### ASSIGNED TASK
Could you set down the lines from the first line of the entries below through the line with "doc.styles.get('TH-STYLE1').set_extended_font_data('STFangsong')", exactly and with no pictures?

+++ DATASET EXTRACT +++

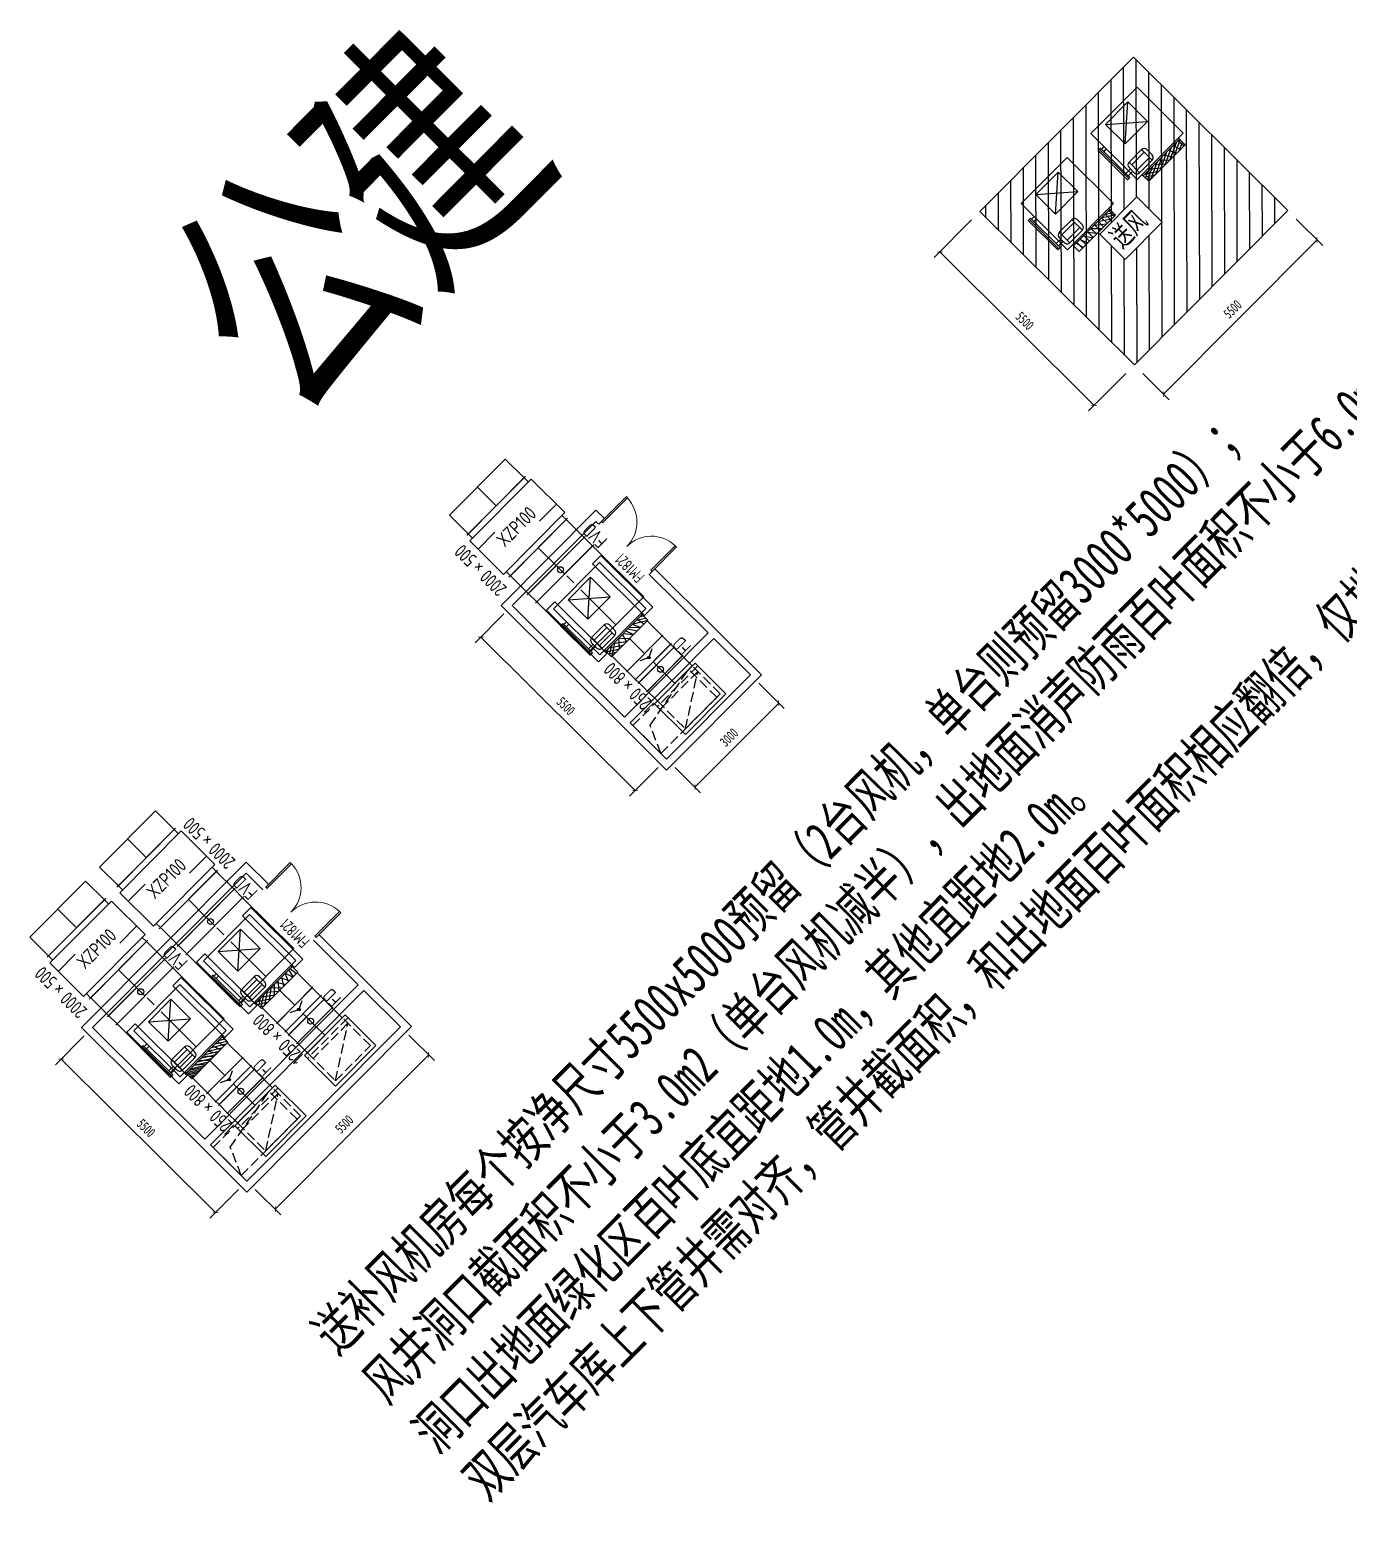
# Model space of a CAD drawing. Extents: x 517634312 to 520012312, y 3499191844 to 3500891844.
# Drawn here: x 518943987 to 518977299, y 3500022472 to 3500060108 of the extents above; entities that cross this region are included whole.
import ezdxf
from ezdxf.enums import TextEntityAlignment as Align

# ---------------------------------------------------------------- set-up
doc = ezdxf.new("R2010")
doc.units = 0
doc.header["$LTSCALE"] = 1000
doc.linetypes.add('CENTER', pattern=[2, 1.25, -0.25, 0.25, -0.25])
doc.linetypes.add('DASH', pattern=[0.35, 0.25, -0.1])
doc.layers.get('0').update_dxf_attribs({"linetype": 'CONTINUOUS'})
doc.layers.get('Defpoints').update_dxf_attribs({"color": 9, "linetype": 'CONTINUOUS'})
doc.layers.add('DEFPOINTS-DUAL', color=9, linetype='CENTER', plot=False)
doc.layers.add('H-CONA', color=7, linetype='CONTINUOUS', plot=False)
for name, color, linetype in [('H-BASE', 7, 'CONTINUOUS'), ('H-DAPP-DAPP', 131, 'CONTINUOUS'), ('H-DAPP-DDAMP', 131, 'CONTINUOUS'), ('H-DIMS', 7, 'CONTINUOUS'), ('H-DIMS-DUAL', 7, 'CONTINUOUS'), ('H-DUAL-FBOX', 131, 'CONTINUOUS'), ('H-DUCT-DUAL', 30, 'CONTINUOUS'), ('H-HOLE', 7, 'CONTINUOUS'), ('WALL', 50, 'CONTINUOUS'), ('WINDOW', 4, 'CONTINUOUS'), ('WINDOW_TEXT', 7, 'CONTINUOUS')]:
    doc.layers.add(name, color=color, linetype=linetype)
doc.styles.add('_TCH_WINDOW', font='Tssdeng.shx', dxfattribs={"width": 0.7, "height": 3.5, "bigfont": 'Tssdchn.shx'})
doc.styles.add('TH-STYLE1', font='', dxfattribs={"width": 0.7})
doc.styles.add('TH-STYLE3', font='tssdeng.shx', dxfattribs={"width": 0.8, "bigfont": 'tssdchn.shx'})
doc.styles.get('TH-STYLE1').set_extended_font_data('STFangsong')
doc.dimstyles.new('TH-DIM100', dxfattribs={"dimscale": 100, "dimtxt": 2.5, "dimasz": 1, "dimexe": 2, "dimexo": 3, "dimgap": 1.5, "dimtad": 1, "dimdec": 3, "dimdsep": 46, "dimtxsty": 'TH-STYLE1', "dimblk": 'ARCHTICK', "dimcen": 0, "dimclrd": 256, "dimclre": 256, "dimclrt": 256, "dimazin": 2, "dimtfac": 1, "dimtdec": 3, "dimtofl": 0, "dimtmove": 0, "dimatfit": 3, "dimfxl": 0, "dimtolj": 1, "dimtzin": 0, "dimlwd": -1, "dimlwe": -1, "dimarcsym": 0})

# ---------------------------------------------------------------- blocks, each defined once
blk = doc.blocks.new('*U15')
at = {"color": 7}
for p, q in [((1449.996043240834, -0.06207114721473772), (-0.00395676027983427, -0.06207114733115304)), ((-0.00395676027983427, -0.06207114733115304), (-0.003956760396249592, -1100.062071149879)), ((1449.996043240834, -1100.062071149879), (1449.996043240834, -0.06207114721473772)), ((-0.003956760396249592, -1100.062071149879), (1449.996043240834, -1100.062071149879))]:
    blk.add_line(p, q, dxfattribs=at)
at = {"color": 7, "linetype": 'DASH'}
for p, q in [((1449.996043240834, -100.0620711472729), (-0.00395676027983427, -100.0620711472729)), ((99.99604323972017, -1000.062071149879), (1349.996043240834, -200.0620711472729))]:
    blk.add_line(p, q, dxfattribs=at)
at = {"linetype": 'DASH'}
for p, q in [((99.99604323972017, -0.06207114733115304), (99.99604323972017, -1000.062071149879)), ((1349.996043240834, -200.0620711472729), (99.99604323972017, -200.0620711472729)), ((1349.996043240834, -1000.062071149879), (1349.996043240834, -0.06207114721473772)), ((99.99604323972017, -1000.062071149879), (1349.996043240834, -1000.062071149879))]:
    blk.add_line(p, q, dxfattribs=at)
blk = doc.blocks.new('HTFC-28-4')
h = blk.add_hatch()
h.set_pattern_fill('_USER', color=256, scale=100, angle=135, style=0, double=1, pattern_type=0)
h.set_pattern_definition([(135, (466156.2784159977, 506173.5274761417), (-70.71067811865476, -70.71067811865474), []), (225, (466156.2784159977, 506173.5274761417), (70.71067811865474, -70.71067811865477), [])])
h.paths.add_polyline_path([(98830.27841599775, 24756.02747614184), (98630.27841599775, 24756.02747614184), (98630.27841599775, 23456.02747614178), (98830.27841599775, 23456.02747614178)])
for p, q in [((98590.27841599775, 24931.02747614167), (96940.27841599798, 24931.02747614178)), ((96940.27841599798, 24931.02747614178), (96940.27841599798, 23281.02747614178)), ((98590.27841599775, 24931.02747614167), (98590.27841599798, 23281.02747614172)), ((97740.27841599775, 24506.02747614184), (97040.27841599798, 24506.02747614178)), ((97040.27841599798, 23706.02747614184), (97040.27841599798, 24506.02747614178)), ((97040.27841599798, 23706.02747614184), (97740.27841599798, 24506.02747614178)), ((97740.27841599798, 23706.02747614184), (97040.27841599798, 24506.02747614178)), ((97740.27841599798, 23706.02747614184), (97740.27841599775, 24506.02747614184)), ((98630.27841599775, 24756.02747614184), (98590.27841599775, 24756.02747614184)), ((98630.27841599775, 23456.02747614178), (98630.27841599775, 24756.02747614184)), ((98830.27841599775, 24756.02747614184), (98630.27841599775, 24756.02747614184)), ((98830.27841599775, 23456.02747614178), (98830.27841599775, 24756.02747614184)), ((98133.22373127122, 23896.25060558776), (98133.22373127122, 23445.28413207785)), ((98509.87373127136, 23896.25060558776), (98133.22373127122, 23896.25060558776)), ((98415.71123127127, 23990.41310558774), (98227.38623127132, 23990.41310558774)), ((98227.38623127132, 23896.25060558776), (98227.38623127132, 23445.28413207785)), ((98415.71123127127, 23896.25060558776), (98415.71123127127, 23445.28413207785)), ((98509.87373127136, 23896.25060558776), (98509.87373127136, 23445.28413207785)), ((97740.27841599798, 23706.02747614184), (97040.27841599798, 23706.02747614184)), ((98509.87373127136, 23445.28413207785), (98133.22373127122, 23445.28413207785)), ((98415.71123127127, 23351.12163207788), (98227.38623127132, 23351.12163207788)), ((98279.69873127132, 23351.12163207782), (98279.69873127132, 23187.42745031769)), ((98363.39873127127, 23351.12163207782), (98363.39873127127, 23187.42745031769)), ((98630.27841599775, 23456.02747614178), (98590.27841599775, 23456.02747614178)), ((98830.27841599775, 23456.02747614178), (98630.27841599775, 23456.02747614178)), ((98590.27841599798, 23281.02747614172), (96940.27841599798, 23281.02747614178)), ((98418.63014903641, 23187.42745031769), (97368.69991574949, 23187.42745031769)), ((97368.69991574949, 23103.72745031767), (97368.69991574949, 23187.42745031769)), ((98418.63014903641, 23145.57745031771), (97368.69991574949, 23145.57745031771)), ((98418.63014903641, 23103.72745031767), (97368.69991574949, 23103.72745031767)), ((97403.22477343027, 23281.02747614178), (97403.22477343027, 23187.42745031769)), ((97486.92477343022, 23281.02747614178), (97486.92477343022, 23187.42745031769)), ((98363.39873127127, 23281.02747614178), (98279.69873127132, 23281.02747614178)), ((98418.63014903641, 23103.72745031767), (98418.63014903641, 23187.42745031769))]:
    blk.add_line(p, q)
for centre, start, end in [((98227.38623127132, 23896.25060558776), 90, 180), ((98415.71123127127, 23896.25060558776), 0, 90), ((98227.38623127132, 23445.28413207785), 180, 270), ((98415.71123127127, 23445.28413207785), 270, 0)]:
    blk.add_arc(centre, 94.16250000000001, start, end)
blk = doc.blocks.new('00000593Cent')
at = {"lineweight": -2}
blk.add_line((-218.75, 0), (218.75, 0), dxfattribs=at)
at = {"color": 0, "linetype": 'ByBlock', "lineweight": -2}
blk.add_circle((0, 0), 125, dxfattribs=at)
blk = doc.blocks.new('00000593Body')
at = {"color": 0, "linetype": 'ByBlock', "lineweight": -2}
for p, q in [((250, 500), (-250, 500)), ((-250, -500), (-249.9999999999964, 500)), ((250, -500), (250.0000000000036, 500)), ((-250, -500), (250, -500))]:
    blk.add_line(p, q, dxfattribs=at)
blk = doc.blocks.new('00000599Cent')
for p, q in [((-200, 600), (-200, -600)), ((200, 600), (-200, 600)), ((100, 600), (100, 270)), ((200, -600), (200, 600)), ((-100, -600), (-100, -270)), ((-200, -600), (200, -600))]:
    blk.add_line(p, q)
blk = doc.blocks.new('00000599Body')
for p, q in [((-250, -525), (-250, 525)), ((250, 525), (250, -525)), ((-250, 500), (-200, 500)), ((200, 500), (250, 500)), ((-200, -500), (-250, -500)), ((250, -500), (200, -500))]:
    blk.add_line(p, q)
blk = doc.blocks.new('00000550Cent')
at = {"color": 0, "linetype": 'ByBlock', "lineweight": -2}
for p in [(175, 350), (175, -350)]:
    blk.add_line(p, (0, 0), dxfattribs=at)
for radius in [55.3955500890495, 37.51539900800275, 26.83071063336451]:
    blk.add_circle((0, 0), radius, dxfattribs=at)
blk = doc.blocks.new('00000550Body')
at = {"color": 0, "linetype": 'ByBlock', "lineweight": -2}
for p, q in [((-250, -500), (-250, 500)), ((250, 500), (-250, 500)), ((250, -500), (250, 500)), ((-250, -500), (250, -500))]:
    blk.add_line(p, q, dxfattribs=at)
blk = doc.blocks.new('_ArchTick')
at = {"color": 0, "linetype": 'ByBlock', "const_width": 0.15}
blk.add_lwpolyline([(-0.5, -0.5), (0.5, 0.5)], dxfattribs=at)
blk = doc.blocks.new('*D18')
at = {"layer": 'Defpoints', "color": 0, "transparency": 16777216}
for p in [(518967995.5843248, 3500055515.719836), (518971895.3335389, 3500051637.323768), (518970880.2514401, 3500050616.653114)]:
    blk.add_point(p, dxfattribs=at)
at = {"layer": 'H-CONA', "transparency": 16777216}
for p, q in [((518967784.0354333, 3500055303.006258), (518966839.4699094, 3500054353.24041)), ((518966980.5025039, 3500054495.049462), (518970880.25144, 3500050616.653114)), ((518971683.7846475, 3500051424.610189), (518970739.2188456, 3500050474.844062))]:
    blk.add_line(p, q, dxfattribs=at)
at = {"layer": 'H-CONA', "transparency": 16777216, "xscale": 100, "yscale": 100, "zscale": 100}
for p, rotation in [((518966980.5025039, 3500054495.049462), 135.1572881541092), ((518970880.25144, 3500050616.653114), 315.1572881541092)]:
    blk.add_blockref('_ArchTick', p, dxfattribs=dict(at, rotation=rotation))
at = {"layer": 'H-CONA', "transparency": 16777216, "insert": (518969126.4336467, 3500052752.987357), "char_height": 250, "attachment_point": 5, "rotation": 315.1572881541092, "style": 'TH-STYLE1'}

+++

### ANSWER FOR THE TASK
# Model space of a CAD drawing. Extents: x 517634312 to 520012312, y 3499191844 to 3500891844.
# Drawn here: x 518943987 to 518977299, y 3500022472 to 3500060108 of the extents above; entities that cross this region are included whole.
import ezdxf
from ezdxf.enums import TextEntityAlignment as Align

# ---------------------------------------------------------------- set-up
doc = ezdxf.new("R2010")
doc.units = 0
doc.header["$LTSCALE"] = 1000
doc.linetypes.add('CENTER', pattern=[2, 1.25, -0.25, 0.25, -0.25])
doc.linetypes.add('DASH', pattern=[0.35, 0.25, -0.1])
doc.layers.get('0').update_dxf_attribs({"linetype": 'CONTINUOUS'})
doc.layers.get('Defpoints').update_dxf_attribs({"color": 9, "linetype": 'CONTINUOUS'})
doc.layers.add('DEFPOINTS-DUAL', color=9, linetype='CENTER', plot=False)
doc.layers.add('H-CONA', color=7, linetype='CONTINUOUS', plot=False)
for name, color, linetype in [('H-BASE', 7, 'CONTINUOUS'), ('H-DAPP-DAPP', 131, 'CONTINUOUS'), ('H-DAPP-DDAMP', 131, 'CONTINUOUS'), ('H-DIMS', 7, 'CONTINUOUS'), ('H-DIMS-DUAL', 7, 'CONTINUOUS'), ('H-DUAL-FBOX', 131, 'CONTINUOUS'), ('H-DUCT-DUAL', 30, 'CONTINUOUS'), ('H-HOLE', 7, 'CONTINUOUS'), ('WALL', 50, 'CONTINUOUS'), ('WINDOW', 4, 'CONTINUOUS'), ('WINDOW_TEXT', 7, 'CONTINUOUS')]:
    doc.layers.add(name, color=color, linetype=linetype)
doc.styles.add('_TCH_WINDOW', font='Tssdeng.shx', dxfattribs={"width": 0.7, "height": 3.5, "bigfont": 'Tssdchn.shx'})
doc.styles.add('TH-STYLE1', font='', dxfattribs={"width": 0.7})
doc.styles.add('TH-STYLE3', font='tssdeng.shx', dxfattribs={"width": 0.8, "bigfont": 'tssdchn.shx'})
doc.styles.get('TH-STYLE1').set_extended_font_data('STFangsong')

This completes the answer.